Information given:
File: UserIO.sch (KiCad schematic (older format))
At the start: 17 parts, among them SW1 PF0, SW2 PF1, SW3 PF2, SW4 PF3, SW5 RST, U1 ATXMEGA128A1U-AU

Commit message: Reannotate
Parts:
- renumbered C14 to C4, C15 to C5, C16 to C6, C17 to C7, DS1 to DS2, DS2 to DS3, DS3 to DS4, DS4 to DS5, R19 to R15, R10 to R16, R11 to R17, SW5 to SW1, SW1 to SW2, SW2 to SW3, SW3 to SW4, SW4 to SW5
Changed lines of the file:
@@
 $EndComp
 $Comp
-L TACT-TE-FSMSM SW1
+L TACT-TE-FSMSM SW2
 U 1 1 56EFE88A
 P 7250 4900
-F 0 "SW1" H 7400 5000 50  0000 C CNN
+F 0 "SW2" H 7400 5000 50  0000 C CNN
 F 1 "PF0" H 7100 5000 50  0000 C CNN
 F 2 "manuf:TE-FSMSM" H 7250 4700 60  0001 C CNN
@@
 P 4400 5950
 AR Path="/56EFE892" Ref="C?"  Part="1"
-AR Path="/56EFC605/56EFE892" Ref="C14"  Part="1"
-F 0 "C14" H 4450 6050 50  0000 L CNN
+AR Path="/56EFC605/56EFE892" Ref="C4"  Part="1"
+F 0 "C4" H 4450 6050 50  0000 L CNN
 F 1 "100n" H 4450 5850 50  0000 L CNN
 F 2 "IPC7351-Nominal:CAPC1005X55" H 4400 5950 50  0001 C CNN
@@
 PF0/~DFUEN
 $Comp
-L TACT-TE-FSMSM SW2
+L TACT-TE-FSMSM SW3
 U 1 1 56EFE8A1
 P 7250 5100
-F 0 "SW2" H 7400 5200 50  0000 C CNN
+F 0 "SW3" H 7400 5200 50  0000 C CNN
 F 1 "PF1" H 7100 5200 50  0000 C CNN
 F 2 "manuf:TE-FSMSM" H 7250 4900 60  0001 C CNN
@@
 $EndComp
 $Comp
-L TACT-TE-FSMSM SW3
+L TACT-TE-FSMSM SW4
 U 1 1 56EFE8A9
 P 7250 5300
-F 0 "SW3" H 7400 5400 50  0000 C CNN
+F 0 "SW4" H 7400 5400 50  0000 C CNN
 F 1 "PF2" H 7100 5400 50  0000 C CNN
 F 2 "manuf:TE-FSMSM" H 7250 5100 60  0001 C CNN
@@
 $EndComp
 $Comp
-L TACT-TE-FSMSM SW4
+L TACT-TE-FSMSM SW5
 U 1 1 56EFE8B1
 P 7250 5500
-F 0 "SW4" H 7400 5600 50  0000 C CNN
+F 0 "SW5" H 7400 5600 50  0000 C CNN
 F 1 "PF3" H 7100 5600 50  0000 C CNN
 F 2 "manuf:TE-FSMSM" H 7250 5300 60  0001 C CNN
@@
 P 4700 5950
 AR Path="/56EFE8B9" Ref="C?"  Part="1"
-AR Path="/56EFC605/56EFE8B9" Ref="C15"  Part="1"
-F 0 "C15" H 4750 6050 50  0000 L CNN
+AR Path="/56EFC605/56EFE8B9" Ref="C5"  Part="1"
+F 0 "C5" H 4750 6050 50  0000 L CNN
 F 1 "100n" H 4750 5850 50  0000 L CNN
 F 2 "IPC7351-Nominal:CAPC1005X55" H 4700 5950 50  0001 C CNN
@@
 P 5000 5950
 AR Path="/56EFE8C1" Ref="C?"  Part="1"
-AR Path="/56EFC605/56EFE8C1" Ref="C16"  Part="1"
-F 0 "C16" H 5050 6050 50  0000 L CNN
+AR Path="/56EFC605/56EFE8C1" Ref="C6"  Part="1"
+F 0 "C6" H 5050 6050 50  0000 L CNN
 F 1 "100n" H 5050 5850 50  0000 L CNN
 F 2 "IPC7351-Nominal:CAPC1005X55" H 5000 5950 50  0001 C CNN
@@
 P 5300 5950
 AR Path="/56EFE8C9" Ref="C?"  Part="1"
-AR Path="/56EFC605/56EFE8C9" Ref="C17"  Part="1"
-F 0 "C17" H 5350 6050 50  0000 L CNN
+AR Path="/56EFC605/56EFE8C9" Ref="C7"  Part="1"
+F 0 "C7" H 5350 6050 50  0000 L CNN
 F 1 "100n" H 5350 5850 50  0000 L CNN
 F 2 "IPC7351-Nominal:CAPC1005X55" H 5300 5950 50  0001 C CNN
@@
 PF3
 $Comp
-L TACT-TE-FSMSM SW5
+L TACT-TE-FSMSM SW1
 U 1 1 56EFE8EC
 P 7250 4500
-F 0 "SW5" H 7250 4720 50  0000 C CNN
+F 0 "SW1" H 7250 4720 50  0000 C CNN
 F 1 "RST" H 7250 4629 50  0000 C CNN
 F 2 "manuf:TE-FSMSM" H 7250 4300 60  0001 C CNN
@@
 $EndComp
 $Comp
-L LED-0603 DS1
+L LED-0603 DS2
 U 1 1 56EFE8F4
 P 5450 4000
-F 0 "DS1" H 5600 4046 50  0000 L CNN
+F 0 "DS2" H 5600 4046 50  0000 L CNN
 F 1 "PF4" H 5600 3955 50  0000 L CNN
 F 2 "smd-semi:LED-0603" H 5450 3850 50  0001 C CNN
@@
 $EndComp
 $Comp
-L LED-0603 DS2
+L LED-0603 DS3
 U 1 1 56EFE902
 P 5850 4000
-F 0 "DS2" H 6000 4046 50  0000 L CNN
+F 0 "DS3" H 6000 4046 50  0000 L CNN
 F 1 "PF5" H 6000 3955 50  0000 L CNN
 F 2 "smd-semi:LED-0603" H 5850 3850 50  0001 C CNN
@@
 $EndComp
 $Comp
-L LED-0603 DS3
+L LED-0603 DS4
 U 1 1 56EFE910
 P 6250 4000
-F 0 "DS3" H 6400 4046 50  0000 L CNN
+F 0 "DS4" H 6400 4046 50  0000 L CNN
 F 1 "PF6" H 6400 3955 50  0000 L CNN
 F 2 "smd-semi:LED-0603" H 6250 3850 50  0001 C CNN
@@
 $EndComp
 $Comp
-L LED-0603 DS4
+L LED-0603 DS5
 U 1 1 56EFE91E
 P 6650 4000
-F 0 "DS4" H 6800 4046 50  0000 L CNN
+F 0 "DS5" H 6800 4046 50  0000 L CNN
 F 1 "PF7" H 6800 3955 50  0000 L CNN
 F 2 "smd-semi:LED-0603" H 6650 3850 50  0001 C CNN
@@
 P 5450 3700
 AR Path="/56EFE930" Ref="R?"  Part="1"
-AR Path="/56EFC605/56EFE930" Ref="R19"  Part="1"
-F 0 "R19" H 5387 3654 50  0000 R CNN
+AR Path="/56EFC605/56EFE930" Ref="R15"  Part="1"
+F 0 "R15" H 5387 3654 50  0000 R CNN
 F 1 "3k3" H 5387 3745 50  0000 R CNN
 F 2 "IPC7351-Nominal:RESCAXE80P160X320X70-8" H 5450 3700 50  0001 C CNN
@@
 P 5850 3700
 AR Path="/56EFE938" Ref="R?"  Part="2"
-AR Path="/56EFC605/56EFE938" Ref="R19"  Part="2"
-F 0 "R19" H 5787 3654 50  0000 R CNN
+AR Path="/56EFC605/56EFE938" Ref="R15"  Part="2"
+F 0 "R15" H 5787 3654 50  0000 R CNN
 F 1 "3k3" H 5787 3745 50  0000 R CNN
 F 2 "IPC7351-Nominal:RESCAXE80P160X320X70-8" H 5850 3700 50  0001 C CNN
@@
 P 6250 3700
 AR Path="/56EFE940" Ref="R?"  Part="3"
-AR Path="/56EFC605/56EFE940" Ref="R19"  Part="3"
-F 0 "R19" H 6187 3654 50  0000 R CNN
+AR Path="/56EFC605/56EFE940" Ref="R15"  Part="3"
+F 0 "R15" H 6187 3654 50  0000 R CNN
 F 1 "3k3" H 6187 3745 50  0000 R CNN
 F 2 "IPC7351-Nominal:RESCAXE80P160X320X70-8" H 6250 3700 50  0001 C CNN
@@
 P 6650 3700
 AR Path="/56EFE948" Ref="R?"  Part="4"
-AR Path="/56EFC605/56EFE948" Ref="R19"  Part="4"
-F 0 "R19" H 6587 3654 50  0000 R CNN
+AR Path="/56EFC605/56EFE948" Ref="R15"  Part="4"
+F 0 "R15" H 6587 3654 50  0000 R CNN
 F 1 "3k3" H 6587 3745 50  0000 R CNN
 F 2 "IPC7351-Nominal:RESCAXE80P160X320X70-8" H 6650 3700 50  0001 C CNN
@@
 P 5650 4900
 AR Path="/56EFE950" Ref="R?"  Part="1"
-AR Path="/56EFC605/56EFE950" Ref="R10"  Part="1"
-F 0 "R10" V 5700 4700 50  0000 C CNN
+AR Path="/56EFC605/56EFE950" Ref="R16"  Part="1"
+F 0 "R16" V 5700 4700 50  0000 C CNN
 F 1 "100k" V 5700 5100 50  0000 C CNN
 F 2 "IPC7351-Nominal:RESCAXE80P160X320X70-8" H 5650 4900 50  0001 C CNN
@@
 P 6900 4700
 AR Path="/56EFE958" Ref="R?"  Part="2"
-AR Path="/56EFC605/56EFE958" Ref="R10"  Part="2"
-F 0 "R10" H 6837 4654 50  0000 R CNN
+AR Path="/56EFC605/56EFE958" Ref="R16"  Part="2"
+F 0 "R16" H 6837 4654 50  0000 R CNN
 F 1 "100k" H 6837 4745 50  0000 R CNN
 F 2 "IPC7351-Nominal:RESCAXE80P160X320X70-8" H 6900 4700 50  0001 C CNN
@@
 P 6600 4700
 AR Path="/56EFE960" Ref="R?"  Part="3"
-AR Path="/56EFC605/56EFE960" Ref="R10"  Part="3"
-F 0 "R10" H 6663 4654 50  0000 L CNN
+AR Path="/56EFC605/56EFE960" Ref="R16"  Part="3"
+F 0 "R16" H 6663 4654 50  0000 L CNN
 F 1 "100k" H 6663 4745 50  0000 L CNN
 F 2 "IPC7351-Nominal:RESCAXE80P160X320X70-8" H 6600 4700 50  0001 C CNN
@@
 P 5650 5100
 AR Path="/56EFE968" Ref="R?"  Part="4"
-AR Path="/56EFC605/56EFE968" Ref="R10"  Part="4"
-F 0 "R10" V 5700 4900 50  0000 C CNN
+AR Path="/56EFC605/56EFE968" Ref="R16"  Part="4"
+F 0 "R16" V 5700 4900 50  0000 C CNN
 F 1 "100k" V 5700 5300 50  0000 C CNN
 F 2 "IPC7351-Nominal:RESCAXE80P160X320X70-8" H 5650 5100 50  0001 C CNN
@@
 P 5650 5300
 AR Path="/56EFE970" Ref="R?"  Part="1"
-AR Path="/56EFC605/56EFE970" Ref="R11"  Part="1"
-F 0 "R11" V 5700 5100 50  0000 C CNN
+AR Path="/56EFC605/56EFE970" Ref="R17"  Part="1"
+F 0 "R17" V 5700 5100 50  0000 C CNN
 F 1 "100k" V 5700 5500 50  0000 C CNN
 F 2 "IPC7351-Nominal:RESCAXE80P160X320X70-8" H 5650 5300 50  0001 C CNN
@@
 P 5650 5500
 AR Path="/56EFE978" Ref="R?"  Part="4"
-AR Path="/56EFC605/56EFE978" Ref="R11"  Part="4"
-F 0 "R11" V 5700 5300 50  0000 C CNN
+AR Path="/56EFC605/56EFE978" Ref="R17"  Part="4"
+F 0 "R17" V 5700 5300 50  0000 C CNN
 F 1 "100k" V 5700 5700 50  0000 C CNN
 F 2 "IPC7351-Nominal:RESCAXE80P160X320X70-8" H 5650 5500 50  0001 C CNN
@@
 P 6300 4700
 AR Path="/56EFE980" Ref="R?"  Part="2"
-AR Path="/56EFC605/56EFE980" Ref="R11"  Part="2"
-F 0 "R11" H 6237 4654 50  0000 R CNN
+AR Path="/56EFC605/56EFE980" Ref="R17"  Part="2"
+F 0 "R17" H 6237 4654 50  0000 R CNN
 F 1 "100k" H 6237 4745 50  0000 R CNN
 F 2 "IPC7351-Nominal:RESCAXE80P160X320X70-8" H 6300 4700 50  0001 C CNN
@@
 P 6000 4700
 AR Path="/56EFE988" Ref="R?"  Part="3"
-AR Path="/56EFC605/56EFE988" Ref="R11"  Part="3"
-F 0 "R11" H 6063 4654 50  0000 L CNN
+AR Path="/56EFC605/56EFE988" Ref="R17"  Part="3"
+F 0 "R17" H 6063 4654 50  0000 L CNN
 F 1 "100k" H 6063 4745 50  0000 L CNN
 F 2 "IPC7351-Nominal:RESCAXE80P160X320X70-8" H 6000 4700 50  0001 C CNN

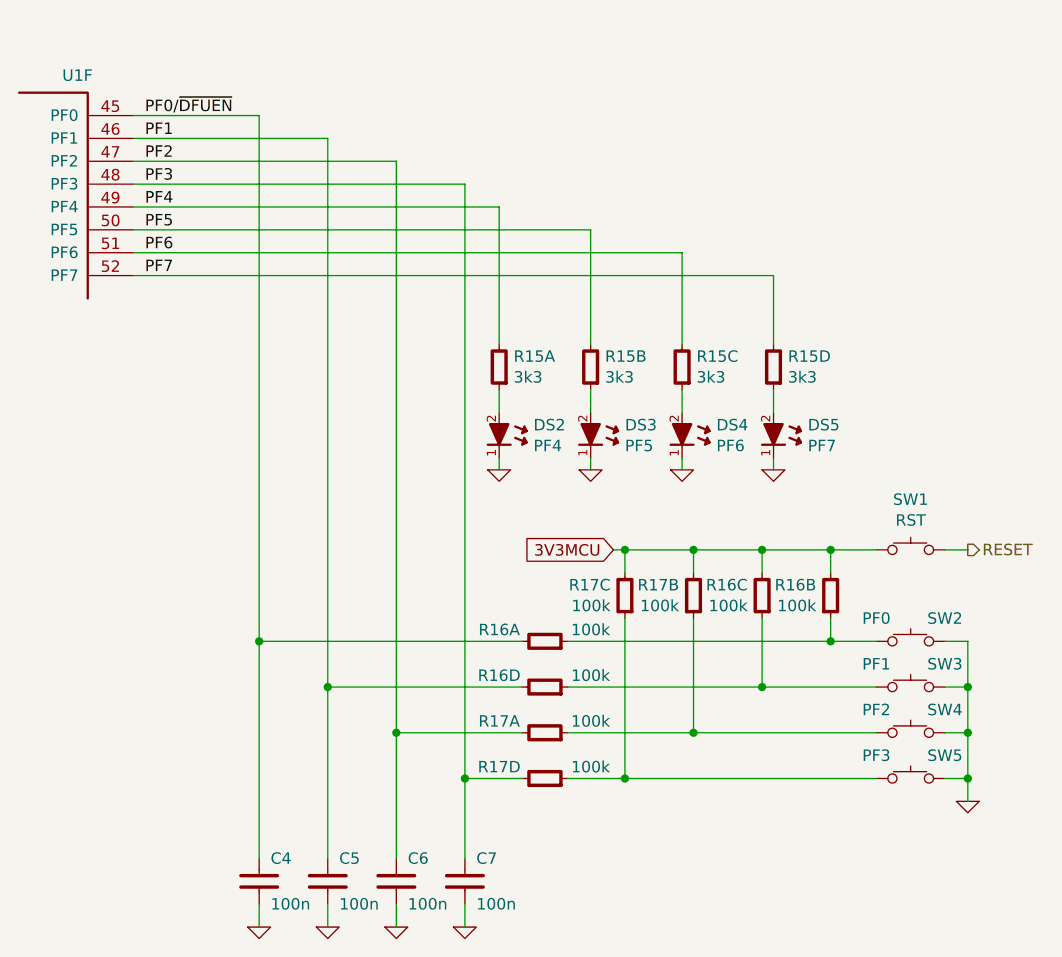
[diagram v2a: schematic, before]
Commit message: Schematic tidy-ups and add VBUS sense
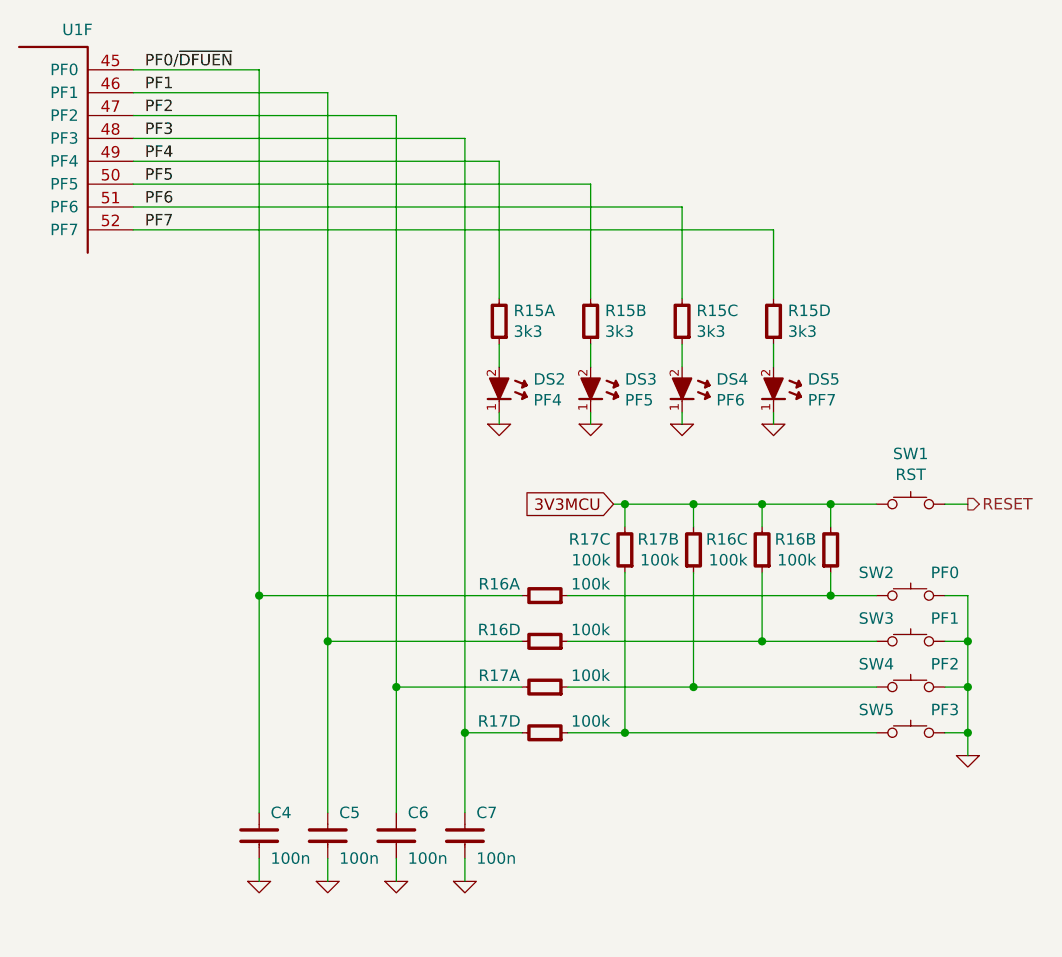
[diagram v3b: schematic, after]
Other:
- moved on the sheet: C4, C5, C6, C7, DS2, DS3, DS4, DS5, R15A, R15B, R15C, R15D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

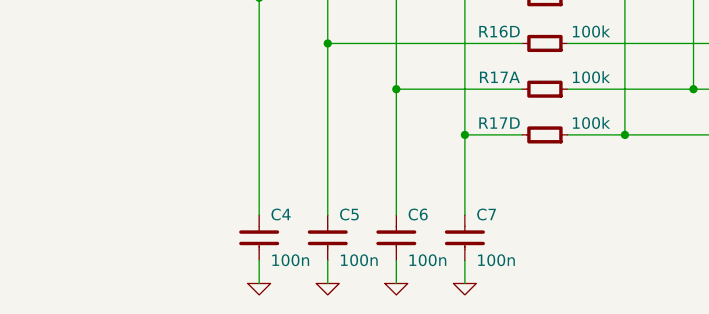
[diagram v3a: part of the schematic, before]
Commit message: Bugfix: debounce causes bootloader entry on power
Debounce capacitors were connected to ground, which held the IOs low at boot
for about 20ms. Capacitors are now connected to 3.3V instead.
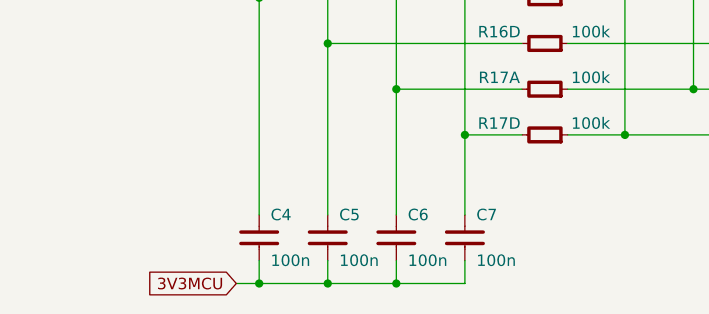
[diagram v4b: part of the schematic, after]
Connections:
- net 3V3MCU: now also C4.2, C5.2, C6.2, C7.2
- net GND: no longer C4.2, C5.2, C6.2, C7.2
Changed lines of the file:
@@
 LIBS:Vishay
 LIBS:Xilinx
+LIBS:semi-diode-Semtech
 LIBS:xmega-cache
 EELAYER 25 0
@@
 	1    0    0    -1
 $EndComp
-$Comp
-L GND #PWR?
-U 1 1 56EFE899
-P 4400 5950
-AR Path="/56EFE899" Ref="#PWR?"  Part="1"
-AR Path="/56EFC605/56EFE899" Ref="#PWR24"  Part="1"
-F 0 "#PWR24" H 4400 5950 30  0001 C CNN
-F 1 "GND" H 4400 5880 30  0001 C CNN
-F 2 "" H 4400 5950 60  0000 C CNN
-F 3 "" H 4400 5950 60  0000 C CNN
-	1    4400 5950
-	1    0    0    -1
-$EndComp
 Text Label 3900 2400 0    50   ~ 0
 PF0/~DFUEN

Assigned task: Copy out each line of the records above that includes "semi".

Reply:
 F 2 "smd-semi:LED-0603" H 5450 3850 50  0001 C CNN
 F 2 "smd-semi:LED-0603" H 5850 3850 50  0001 C CNN
 F 2 "smd-semi:LED-0603" H 6250 3850 50  0001 C CNN
 F 2 "smd-semi:LED-0603" H 6650 3850 50  0001 C CNN
+LIBS:semi-diode-Semtech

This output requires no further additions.